Likewise, a great leader must know how to bring together diverse elements and create a productive group. Few skills are more important in leadership than the ability to build a team. A mark of a great leader is how many great people will join his or her lineup. The greatest king of Israel, David, had a team comprised of “mighty men”:

These are the names of David’s mighty men:

Josheb-Basshebeth, a Tahkemonite, was chief of the Three; he raised his speak against eight hundred men, whom he killed in one encounter.
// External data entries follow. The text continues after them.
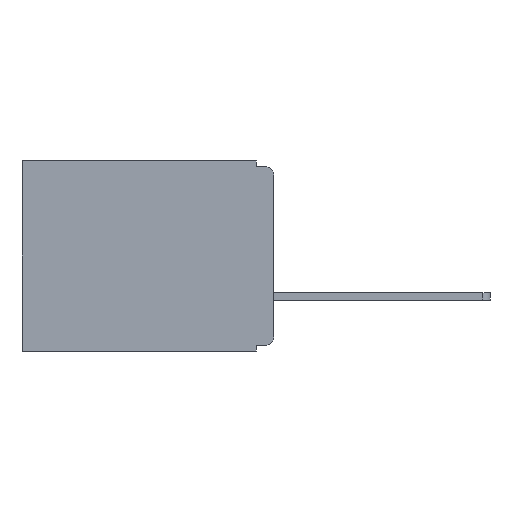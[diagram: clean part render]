
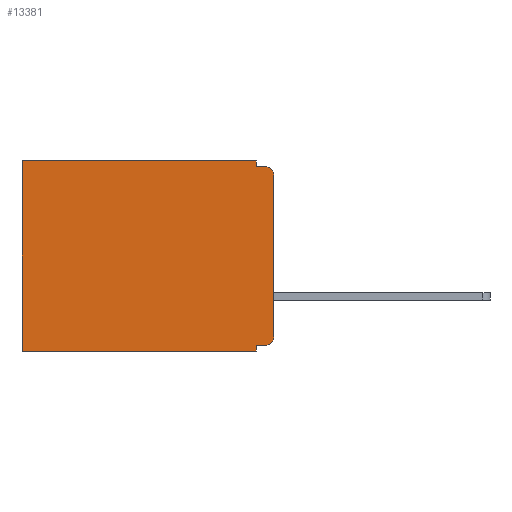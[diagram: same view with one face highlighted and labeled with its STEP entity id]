
A CAD part, left-side view. The second image highlights one B-rep face of the part: STEP entity #13381.
In plain terms, the highlighted planar face has unit normal (-1, 0, 0).
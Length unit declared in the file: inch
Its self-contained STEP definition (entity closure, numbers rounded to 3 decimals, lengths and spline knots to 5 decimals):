
#9 = EDGE_CURVE ( 'NONE', #2697, #5741, #15273, .T. ) ;
#66 = EDGE_CURVE ( 'NONE', #9704, #3239, #13917, .T. ) ;
#1020 = VECTOR ( 'NONE', #16904, 39.37008 ) ;
#1359 = DIRECTION ( 'NONE',  ( 0., -1., 0. ) ) ;
#1509 = VECTOR ( 'NONE', #1359, 39.37008 ) ;
#2435 = ORIENTED_EDGE ( 'NONE', *, *, #13842, .F. ) ;
#2573 = EDGE_CURVE ( 'NONE', #10266, #10361, #11782, .T. ) ;
#2697 = VERTEX_POINT ( 'NONE', #4738 ) ;
#2865 = DIRECTION ( 'NONE',  ( 0., 0., -1. ) ) ;
#3239 = VERTEX_POINT ( 'NONE', #5883 ) ;
#3566 = CARTESIAN_POINT ( 'NONE',  ( 0.3, 0., -0.025 ) ) ;
#3657 = VECTOR ( 'NONE', #16867, 39.37008 ) ;
#3689 = CARTESIAN_POINT ( 'NONE',  ( 0.3, 0., -0.32 ) ) ;
#4030 = ORIENTED_EDGE ( 'NONE', *, *, #5408, .F. ) ;
#4667 = LINE ( 'NONE', #14371, #5108 ) ;
#4738 = CARTESIAN_POINT ( 'NONE',  ( 0.3, 0.437, 0. ) ) ;
#4935 = VECTOR ( 'NONE', #18041, 39.37008 ) ;
#5108 = VECTOR ( 'NONE', #15184, 39.37008 ) ;
#5372 = EDGE_CURVE ( 'NONE', #8046, #7710, #8999, .T. ) ;
#5394 = LINE ( 'NONE', #5713, #1509 ) ;
#5408 = EDGE_CURVE ( 'NONE', #9704, #7710, #4667, .T. ) ;
#5429 = VECTOR ( 'NONE', #14039, 39.37008 ) ;
#5536 = CARTESIAN_POINT ( 'NONE',  ( 0.3, 0.031, -0.33 ) ) ;
#5713 = CARTESIAN_POINT ( 'NONE',  ( 0.3, 0., -0.01 ) ) ;
#5741 = VERTEX_POINT ( 'NONE', #11532 ) ;
#5779 = VECTOR ( 'NONE', #6422, 39.37008 ) ;
#5883 = CARTESIAN_POINT ( 'NONE',  ( 0.3, 0.015, -0.01 ) ) ;
#6121 = AXIS2_PLACEMENT_3D ( 'NONE', #15422, #15439, #2865 ) ;
#6241 = LINE ( 'NONE', #15136, #5779 ) ;
#6293 = ORIENTED_EDGE ( 'NONE', *, *, #5372, .T. ) ;
#6309 = LINE ( 'NONE', #3689, #11086 ) ;
#6422 = DIRECTION ( 'NONE',  ( 0., 0., -1. ) ) ;
#7023 = PLANE ( 'NONE',  #13092 ) ;
#7710 = VERTEX_POINT ( 'NONE', #16435 ) ;
#7900 = ORIENTED_EDGE ( 'NONE', *, *, #66, .T. ) ;
#8046 = VERTEX_POINT ( 'NONE', #9875 ) ;
#8350 = ORIENTED_EDGE ( 'NONE', *, *, #2573, .F. ) ;
#8603 = CARTESIAN_POINT ( 'NONE',  ( 0.3, 0.031, -0.32 ) ) ;
#8800 = ORIENTED_EDGE ( 'NONE', *, *, #9, .T. ) ;
#8999 = CIRCLE ( 'NONE', #14453, 0.015 ) ;
#9615 = CARTESIAN_POINT ( 'NONE',  ( 0.3, 0., 0. ) ) ;
#9704 = VERTEX_POINT ( 'NONE', #3566 ) ;
#9875 = CARTESIAN_POINT ( 'NONE',  ( 0.3, 0.015, -0.32 ) ) ;
#9927 = DIRECTION ( 'NONE',  ( 0., 0., -1. ) ) ;
#10266 = VERTEX_POINT ( 'NONE', #17810 ) ;
#10361 = VERTEX_POINT ( 'NONE', #12248 ) ;
#10685 = VERTEX_POINT ( 'NONE', #8603 ) ;
#11086 = VECTOR ( 'NONE', #13880, 39.37008 ) ;
#11532 = CARTESIAN_POINT ( 'NONE',  ( 0.3, 0.437, -0.33 ) ) ;
#11761 = ORIENTED_EDGE ( 'NONE', *, *, #13469, .F. ) ;
#11782 = LINE ( 'NONE', #17140, #4935 ) ;
#12217 = ORIENTED_EDGE ( 'NONE', *, *, #16370, .T. ) ;
#12248 = CARTESIAN_POINT ( 'NONE',  ( 0.3, 0.031, -0.01 ) ) ;
#12683 = ORIENTED_EDGE ( 'NONE', *, *, #13927, .F. ) ;
#12699 = LINE ( 'NONE', #14000, #1020 ) ;
#12785 = CARTESIAN_POINT ( 'NONE',  ( 0.3, 0.015, -0.305 ) ) ;
#12786 = VERTEX_POINT ( 'NONE', #5536 ) ;
#13092 = AXIS2_PLACEMENT_3D ( 'NONE', #17177, #18577, #9927 ) ;
#13381 = ADVANCED_FACE ( 'NONE', ( #14987 ), #7023, .F. ) ;
#13469 = EDGE_CURVE ( 'NONE', #10361, #3239, #5394, .T. ) ;
#13842 = EDGE_CURVE ( 'NONE', #8046, #10685, #6309, .T. ) ;
#13880 = DIRECTION ( 'NONE',  ( 0., 1., 0. ) ) ;
#13917 = CIRCLE ( 'NONE', #6121, 0.015 ) ;
#13927 = EDGE_CURVE ( 'NONE', #12786, #5741, #12699, .T. ) ;
#14000 = CARTESIAN_POINT ( 'NONE',  ( 0.3, 0., -0.33 ) ) ;
#14039 = DIRECTION ( 'NONE',  ( 0., 1., 0. ) ) ;
#14371 = CARTESIAN_POINT ( 'NONE',  ( 0.3, 0., -0.33 ) ) ;
#14453 = AXIS2_PLACEMENT_3D ( 'NONE', #12785, #17653, #15895 ) ;
#14707 = CARTESIAN_POINT ( 'NONE',  ( 0.3, 0.437, -0.33 ) ) ;
#14987 = FACE_OUTER_BOUND ( 'NONE', #16852, .T. ) ;
#15136 = CARTESIAN_POINT ( 'NONE',  ( 0.3, 0.031, -0.33 ) ) ;
#15184 = DIRECTION ( 'NONE',  ( 0., 0., -1. ) ) ;
#15273 = LINE ( 'NONE', #14707, #3657 ) ;
#15422 = CARTESIAN_POINT ( 'NONE',  ( 0.3, 0.015, -0.025 ) ) ;
#15439 = DIRECTION ( 'NONE',  ( -1., 0., 0. ) ) ;
#15625 = EDGE_CURVE ( 'NONE', #10685, #12786, #6241, .T. ) ;
#15895 = DIRECTION ( 'NONE',  ( 0., 0., -1. ) ) ;
#16370 = EDGE_CURVE ( 'NONE', #10266, #2697, #17067, .T. ) ;
#16435 = CARTESIAN_POINT ( 'NONE',  ( 0.3, 0., -0.305 ) ) ;
#16852 = EDGE_LOOP ( 'NONE', ( #4030, #7900, #11761, #8350, #12217, #8800, #12683, #16994, #2435, #6293 ) ) ;
#16867 = DIRECTION ( 'NONE',  ( 0., 0., -1. ) ) ;
#16904 = DIRECTION ( 'NONE',  ( 0., 1., 0. ) ) ;
#16994 = ORIENTED_EDGE ( 'NONE', *, *, #15625, .F. ) ;
#17067 = LINE ( 'NONE', #9615, #5429 ) ;
#17140 = CARTESIAN_POINT ( 'NONE',  ( 0.3, 0.031, 0. ) ) ;
#17177 = CARTESIAN_POINT ( 'NONE',  ( 0.3, 0., -0.33 ) ) ;
#17653 = DIRECTION ( 'NONE',  ( -1., 0., 0. ) ) ;
#17810 = CARTESIAN_POINT ( 'NONE',  ( 0.3, 0.031, 0. ) ) ;
#18041 = DIRECTION ( 'NONE',  ( 0., 0., -1. ) ) ;
#18577 = DIRECTION ( 'NONE',  ( 1., 0., 0. ) ) ;

Next to him was Eleazar son of Dodai the Ahohite. As one of the three mighty men, he was with David when they taunted the Philistines gathered at Pas Dammim for battle. Then the men of Israel retreated, but he stood his ground and struck down the Philistines till his hand grew tired and froze to the sword. The Lord brought about a great victory that day. The troops returned to Eleazar, but only to strip the dead.

Next to him was Shammah son of Agee the Hararite. When the Philistines banded together at a place where there was a field full of lentils, Israel’s troops fled from them. But Shammah took his stand in the middle of the field. He defended it and struck the Philistines down, and the Lord brought about a great victory. – 2 Samuel 23:8-12

Because David attempted mighty things, only the mighty could keep up with him. Those who could not keep pace could not join the team.

You Can’t Do It Alone

Don Bennett was on top of the world. He was wealthier than most of us will ever imagine. He owned a ranch, a ski chalet and an eight-bedroom waterfront home on Seattle’s Mercer Island. And then everything changed. On a beautiful sunny day in August of 1972, Don was boating with his children when he fell overboard and the propeller of the boat ran over both of his legs. He nearly bled to death but managed to survive. His left leg took 480 stitches to close. His right leg was gone completely above the knee.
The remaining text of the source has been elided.